Application Practices of QSFP28 100G ER4 in Metropolitan Area Networks

The design of the QSFP28 100G ER4 optical transceiver fully considers the transmission requirements of metropolitan area networks (MANs). It employs 4-lane 25G NRZ Wavelength Division Multiplexing (WDM) technology, converting four 25Gbps electrical signals into four LAN WDM optical signals, which are then multiplexed into a single channel to achieve 100G optical transmission.

On the receiving end, the opposite demultiplexing process is performed. This technical approach effectively controls transceiver complexity and power consumption while ensuring transmission efficiency.

In terms of form factor, the QSFP28 transceiver size is approximately 80% smaller compared to the earlier 100G CFP package. This compact design enables a single device to support higher port density, significantly improving space utilization efficiency for MAN equipment.

Regarding key parameters, the typical power consumption of QSFP28 100G ER4 does not exceed 3.5W. Its operating wavelengths are centered on the four LAN WDM channels: 1295.56nm, 1300.05nm, 1304.58nm, and 1309.14nm. It supports a duplex LC interface, is compatible with standard single-mode fiber (G.652), and offers a maximum link budget of up to 18dB.

02 Performance Positioning
Within the 100G optical transceiver family, different models are optimized for various transmission distances. The ER4 transceiver's 40-kilometer transmission capability precisely meets common distance requirements within metropolitan area networks.

In contrast, the QSFP28-100G-SR4 is primarily designed for multi-mode fiber data center interconnects within a hundred meters; the LR4 transceiver has a transmission distance of 10 kilometers; and the ZR4 is designed for ultra-long-haul transmission exceeding 80 kilometers. This differentiated product positioning allows network planners to select the most cost-effective solution based on actual transmission distance requirements.
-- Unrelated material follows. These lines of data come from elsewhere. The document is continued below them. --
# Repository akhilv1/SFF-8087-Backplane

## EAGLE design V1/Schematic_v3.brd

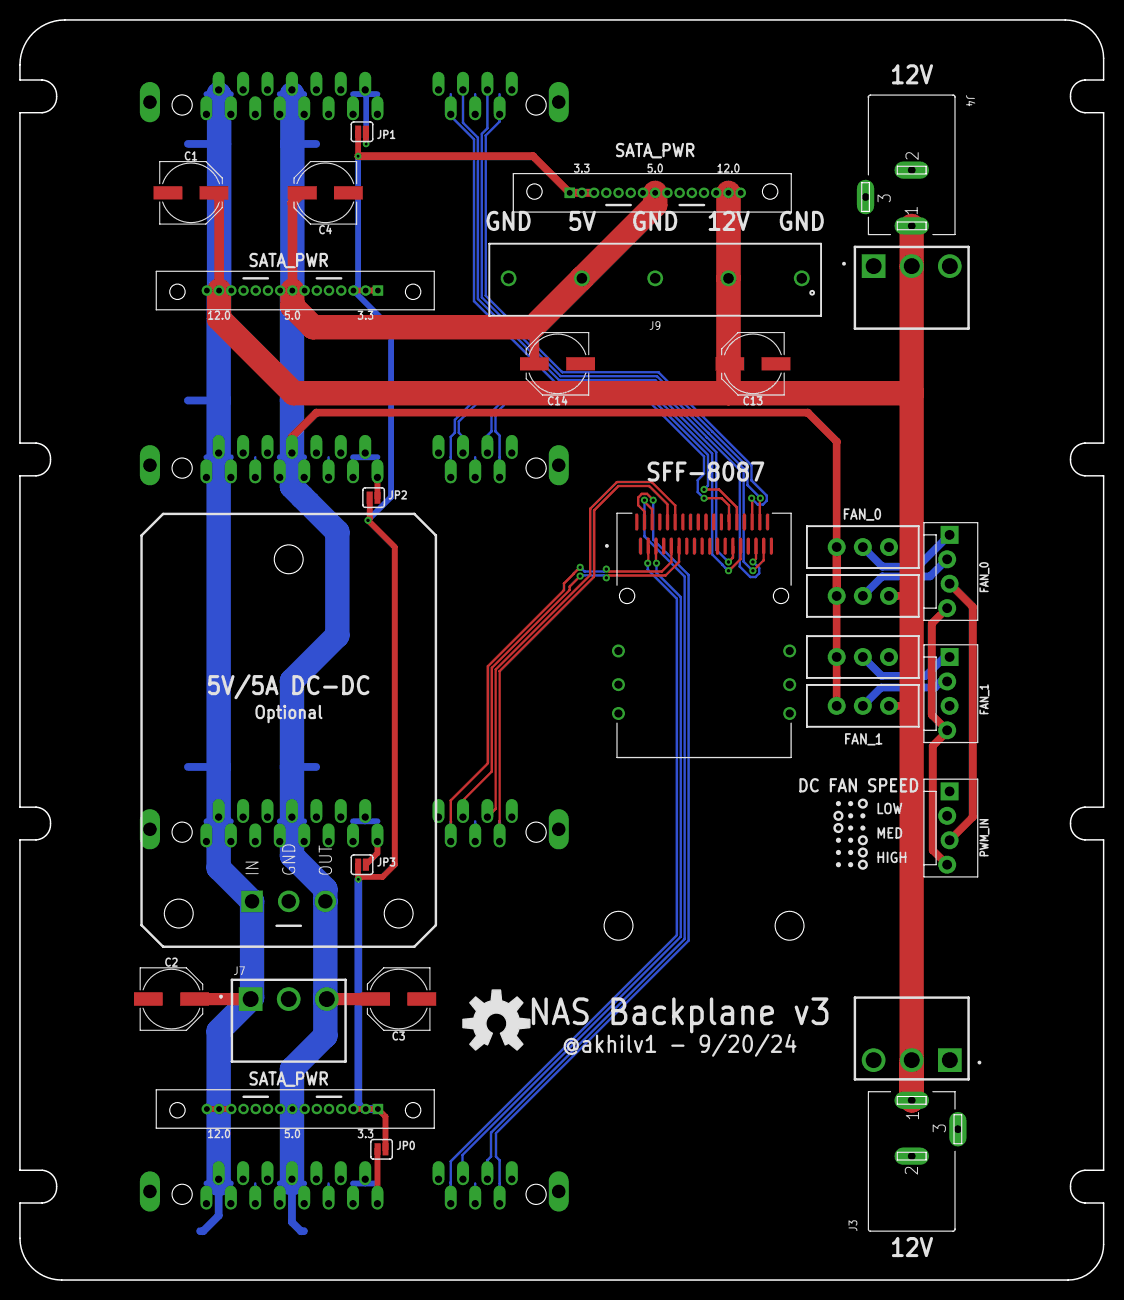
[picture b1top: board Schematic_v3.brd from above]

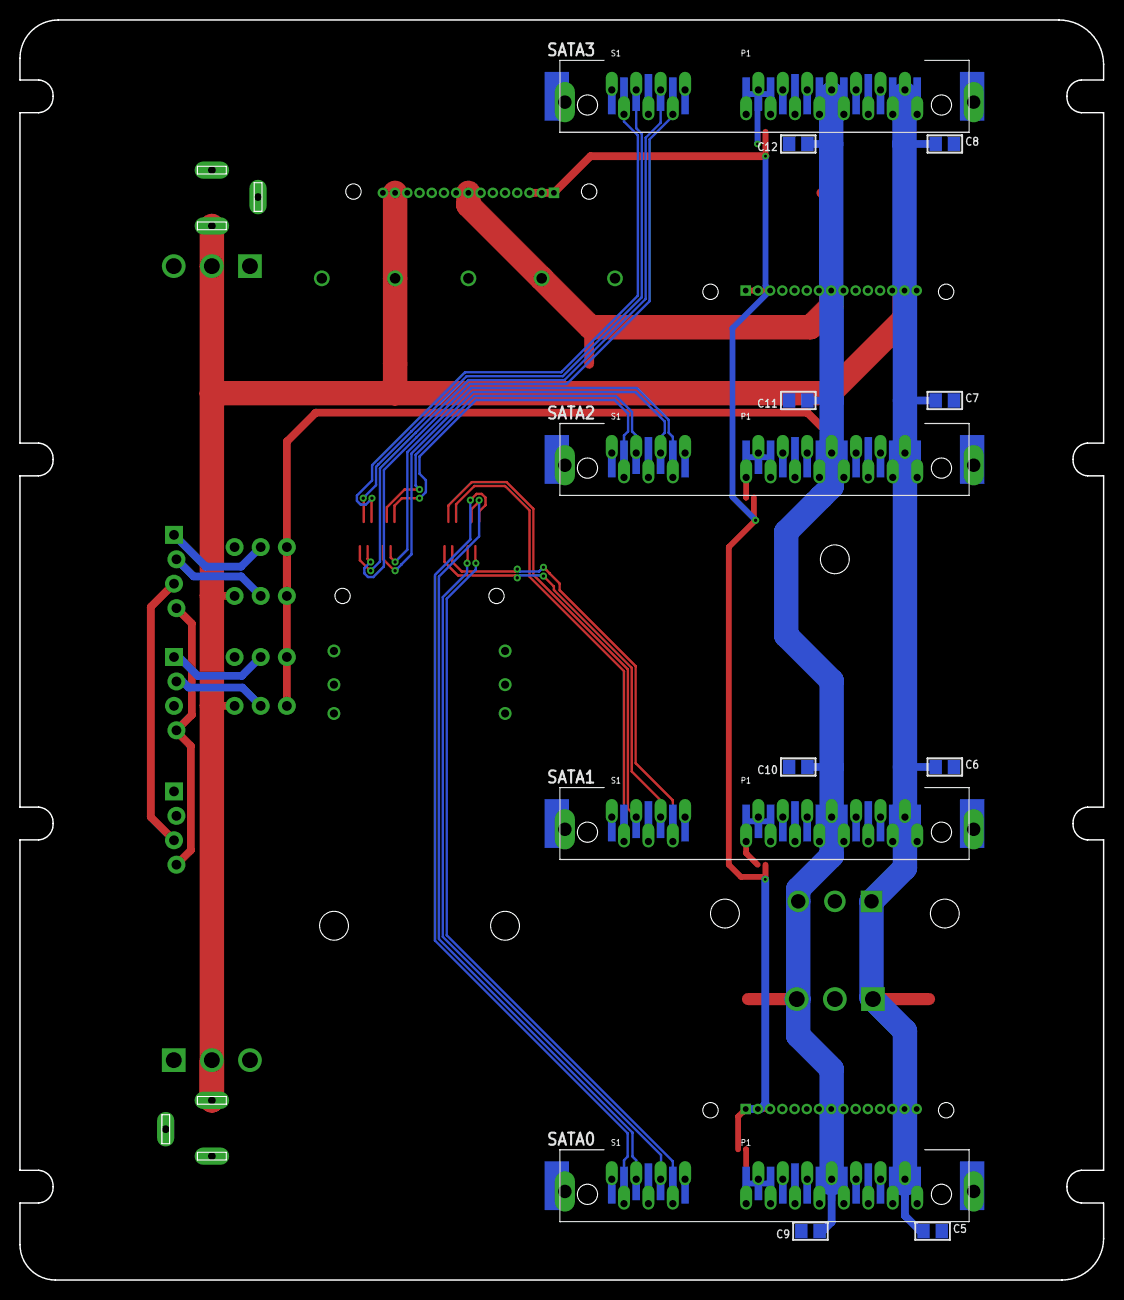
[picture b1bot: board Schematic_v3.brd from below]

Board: 2 copper layers, 112.7 x 131.0 mm, 41 parts (12 on the bottom side), 30 nets.

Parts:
C1, C2, C3, C4, C13, C14: 100uF; PANASONIC_D
C5, C6, C7, C8, C9, C10, C11, C12: C0805
FAN_0, FAN_1: MOLEX-1X4_LOCK
J1, J2, J8: SATAPWR; PTH_90
J3, J4: 694106301002
J5, J6, J7: B3P-VH(LF)(SN); HDR-03
J9: 691243410005
JP0, JP1, JP2, JP3: JUMPER-SMT_2_NC_PASTE_SILK; SMT-JUMPER_2_NC_PASTE_SILK
LOGO1: OSHW-LOGOL; OSHW-LOGO-L
PWM_IN: MOLEX-1X4_LOCK
S1, S2, S3, S4: SWITCH_SPDT_PTH_11.6X4.0MM_LOCK
SATA0, SATA1, SATA2, SATA3: 1735284-3; TE_2023246-2
SFF-8087: 1888019-4; TE_1888019-4
U$1: 5V_DC_DC; 5V_15W_DC_DC

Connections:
3.3V: J1.P$1, J1.P$2, J1.P$3, J2.P$1, J2.P$2, J2.P$3, J8.P$1, J8.P$2, J8.P$3, JP0.1, JP1.1, JP2.1, JP3.1
5V: C3.+, C4.+, C9.1, C10.1, C11.1, C12.1, C14.+, J1.P$7, J1.P$8, J1.P$9, J2.P$7, J2.P$8, J2.P$9, J7.3, J8.P$7, J8.P$8, J8.P$9, J9.4, S1.3, S2.1, S3.3, S4.1, SATA0.P7, SATA0.P8, SATA0.P9, SATA0.THT14, SATA0.THT15, SATA0.THT16, SATA1.P7, SATA1.P8, SATA1.P9, SATA1.THT14, SATA1.THT15, SATA1.THT16, SATA2.P7, SATA2.P8, SATA2.P9, SATA2.THT14, SATA2.THT15, SATA2.THT16, SATA3.P7, SATA3.P8, SATA3.P9, SATA3.THT14, SATA3.THT15, SATA3.THT16, U$1.P$3
12V: C1.+, C2.+, C5.1, C6.1, C7.1, C8.1, C13.+, J1.P$13, J1.P$14, J1.P$15, J2.P$13, J2.P$14, J2.P$15, J3.1, J4.1, J5.2, J6.2, J7.1, J8.P$13, J8.P$14, J8.P$15, J9.2, S1.1, S3.1, SATA0.P13, SATA0.P14, SATA0.P15, SATA0.THT20, SATA0.THT21, SATA0.THT22, SATA1.P13, SATA1.P14, SATA1.P15, SATA1.THT20, SATA1.THT21, SATA1.THT22, SATA2.P13, SATA2.P14, SATA2.P15, SATA2.THT20, SATA2.THT21, SATA2.THT22, SATA3.P13, SATA3.P14, SATA3.P15, SATA3.THT20, SATA3.THT21, SATA3.THT22, U$1.P$1
FAN0_HI: FAN_0.2, S1.2
FAN0_LO: FAN_0.1, S2.2
FAN1_HI: FAN_1.2, S3.2
FAN1_LO: FAN_1.1, S4.2
FAN_PWM: FAN_0.4, FAN_1.4, PWM_IN.4
FAN_TACH: FAN_0.3, PWM_IN.3
GND: C1.-, C2.-, C3.-, C4.-, C5.2, C6.2, C7.2, C8.2, C9.2, C10.2, C11.2, C12.2, C13.-, C14.-, J1.P$4, J1.P$5, J1.P$6, J1.P$10, J1.P$11, J1.P$12, J2.P$4, J2.P$5, J2.P$6, J2.P$10, J2.P$11, J2.P$12, J3.2, J4.2, J5.1, J5.3, J6.1, J6.3, J7.2, J8.P$4, J8.P$5, J8.P$6, J8.P$10, J8.P$11, J8.P$12, J9.1, J9.3, J9.5, PWM_IN.1, S2.3, S4.3, SATA0.P4, SATA0.P5, SATA0.P6, SATA0.P10, SATA0.P11, SATA0.P12, SATA0.P$1, SATA0.P$2, SATA0.S1, SATA0.S4, SATA0.S7, SATA0.THT1, SATA0.THT4, SATA0.THT7, SATA0.THT11, SATA0.THT12, SATA0.THT13, SATA0.THT17, SATA0.THT18, SATA0.THT19, SATA0.THT$1, SATA0.THT$2, SATA1.P4, SATA1.P5, SATA1.P6, SATA1.P10, SATA1.P11, SATA1.P12, SATA1.P$1, SATA1.P$2, SATA1.S1, SATA1.S4, SATA1.S7, SATA1.THT1, SATA1.THT4, SATA1.THT7, SATA1.THT11, SATA1.THT12, SATA1.THT13, SATA1.THT17, SATA1.THT18, SATA1.THT19, SATA1.THT$1, SATA1.THT$2, SATA2.P4, SATA2.P5, SATA2.P6, SATA2.P10, SATA2.P11, SATA2.P12, SATA2.P$1, SATA2.P$2, SATA2.S1, SATA2.S4, SATA2.S7, SATA2.THT1, SATA2.THT4, SATA2.THT7, SATA2.THT11, SATA2.THT12, SATA2.THT13, SATA2.THT17, SATA2.THT18, SATA2.THT19, SATA2.THT$1, SATA2.THT$2, SATA3.P4, SATA3.P5, SATA3.P6, SATA3.P10, SATA3.P11, SATA3.P12, SATA3.P$1, SATA3.P$2, SATA3.S1, SATA3.S4, SATA3.S7, SATA3.THT1, SATA3.THT4, SATA3.THT7, SATA3.THT11, SATA3.THT12, SATA3.THT13, SATA3.THT17, SATA3.THT18, SATA3.THT19, SATA3.THT$1, SATA3.THT$2, SFF-8087.A1, SFF-8087.A4, SFF-8087.A7, SFF-8087.A12, SFF-8087.A15, SFF-8087.A18, SFF-8087.B1, SFF-8087.B4, SFF-8087.B7, SFF-8087.B12, SFF-8087.B15, SFF-8087.B18, SFF-8087.S1, SFF-8087.S2, SFF-8087.S3, SFF-8087.S4, SFF-8087.S5, SFF-8087.S6, U$1.P$2
unnamed: JP1.2, SATA3.P1, SATA3.P2, SATA3.P3, SATA3.THT8, SATA3.THT9, SATA3.THT10
unnamed: JP2.2, SATA2.P1, SATA2.P2, SATA2.P3, SATA2.THT8, SATA2.THT9, SATA2.THT10
unnamed: JP3.2, SATA1.P1, SATA1.P2, SATA1.P3, SATA1.THT8, SATA1.THT9, SATA1.THT10
unnamed: JP0.2, SATA0.P1, SATA0.P2, SATA0.P3, SATA0.THT8, SATA0.THT9, SATA0.THT10
RX0_N: SATA0.S5, SATA0.THT5, SFF-8087.A3
RX0_P: SATA0.S6, SATA0.THT6, SFF-8087.A2
RX1_N: SATA1.S5, SATA1.THT5, SFF-8087.A6
RX1_P: SATA1.S6, SATA1.THT6, SFF-8087.A5
RX2_N: SATA2.S5, SATA2.THT5, SFF-8087.A14
RX2_P: SATA2.S6, SATA2.THT6, SFF-8087.A13
RX3_N: SATA3.S5, SATA3.THT5, SFF-8087.A17
RX3_P: SATA3.S6, SATA3.THT6, SFF-8087.A16
TX0_N: SATA0.S3, SATA0.THT3, SFF-8087.B3
TX0_P: SATA0.S2, SATA0.THT2, SFF-8087.B2
TX1_N: SATA1.S3, SATA1.THT3, SFF-8087.B6
TX1_P: SATA1.S2, SATA1.THT2, SFF-8087.B5
TX2_N: SATA2.S3, SATA2.THT3, SFF-8087.B14
TX2_P: SATA2.S2, SATA2.THT2, SFF-8087.B13
TX3_N: SATA3.S3, SATA3.THT3, SFF-8087.B17
TX3_P: SATA3.S2, SATA3.THT2, SFF-8087.B16

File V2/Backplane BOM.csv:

Qty,Value,Device,Parts,Description,Link
1,691243410005    ,691243410005    ,J9,7.62mm Pitch Rising Clamp Connector,
8,10uF,CAP_CERAMIC0805,"C5, C6, C7, C8, C9, C10, C11, C12",SMD Capacitors 0805 10uF,
3,,CONN_04POLAR_LOCK,"FAN_0, FAN_1, PWM_IN",Fan Headers 2.54mm Pitch,
4,,SWITCH-SPDT-PTH-11.6X4.0MM-LOCK,"S1, S2, S3, S4",Fan Mode Switches,
6,100uF,100UF-POLAR-25V-20%(ELEC),"C1, C2, C3, C4, C13, C14",100uF Electrolytic Capacitors,
4,1735284-3,TE_1735284-2,"SATA0, SATA1, SATA2, SATA3",Right Angle SATA Connectors,https://a.aliexpress.com/_mtHZzUZ
1,1888019-4,TE_1888019-4,SFF-8087,SFF-8087 SMD Connector,
1,39301060,39301060,POWER,Molex Mini-Fit JR 6-pin 90Deg,
1,5V_DC_DC,5V_DC_DC,BUCK,5v Step Down Converter (12v only input configuration),https://a.aliexpress.com/_mOm8TaH
1,694106301002    ,694106301002    ,J4,DC Barrel Power Jack 6.4mm Diam,
2,B3P-VH(LF)(SN),B3P-VH(LF)(SN),"J5, J7",JST-VH Connectors,
3,SATAPWR,SATAPWR,"J1, J2, J8",SATA Power Input Through Hole,https://a.aliexpress.com/_msddJj7

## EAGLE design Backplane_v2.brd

03 MAN Application Scenarios
Metropolitan area networks connect multiple data centers, enterprise campuses, and carrier network nodes within a city. The distances between these nodes typically range from a few to tens of kilometers, which is the ideal range for the QSFP28 100G ER4.

Carrier Edge Network Upgrades are a key application scenario for the ER4 transceiver. Traditional 10G networks have become insufficient in the face of surging video traffic and 5G service development.

Data Center Interconnect (DCI) is another critical application. With the growth of distributed computing and disaster recovery needs, high-speed, reliable connections are required between different data centers within the same city. The 40km transmission distance is sufficient to cover most intra-city DCI requirements.

Enterprise Private Lines and Campus Interconnects are increasingly relying on such high-performance optical transceivers. Large enterprises with offices, R&D centers, and factories distributed across different areas of a city need to build private high-speed communication networks. The ER4 transceiver provides a smooth transition capability from the enterprise core network to the carrier network.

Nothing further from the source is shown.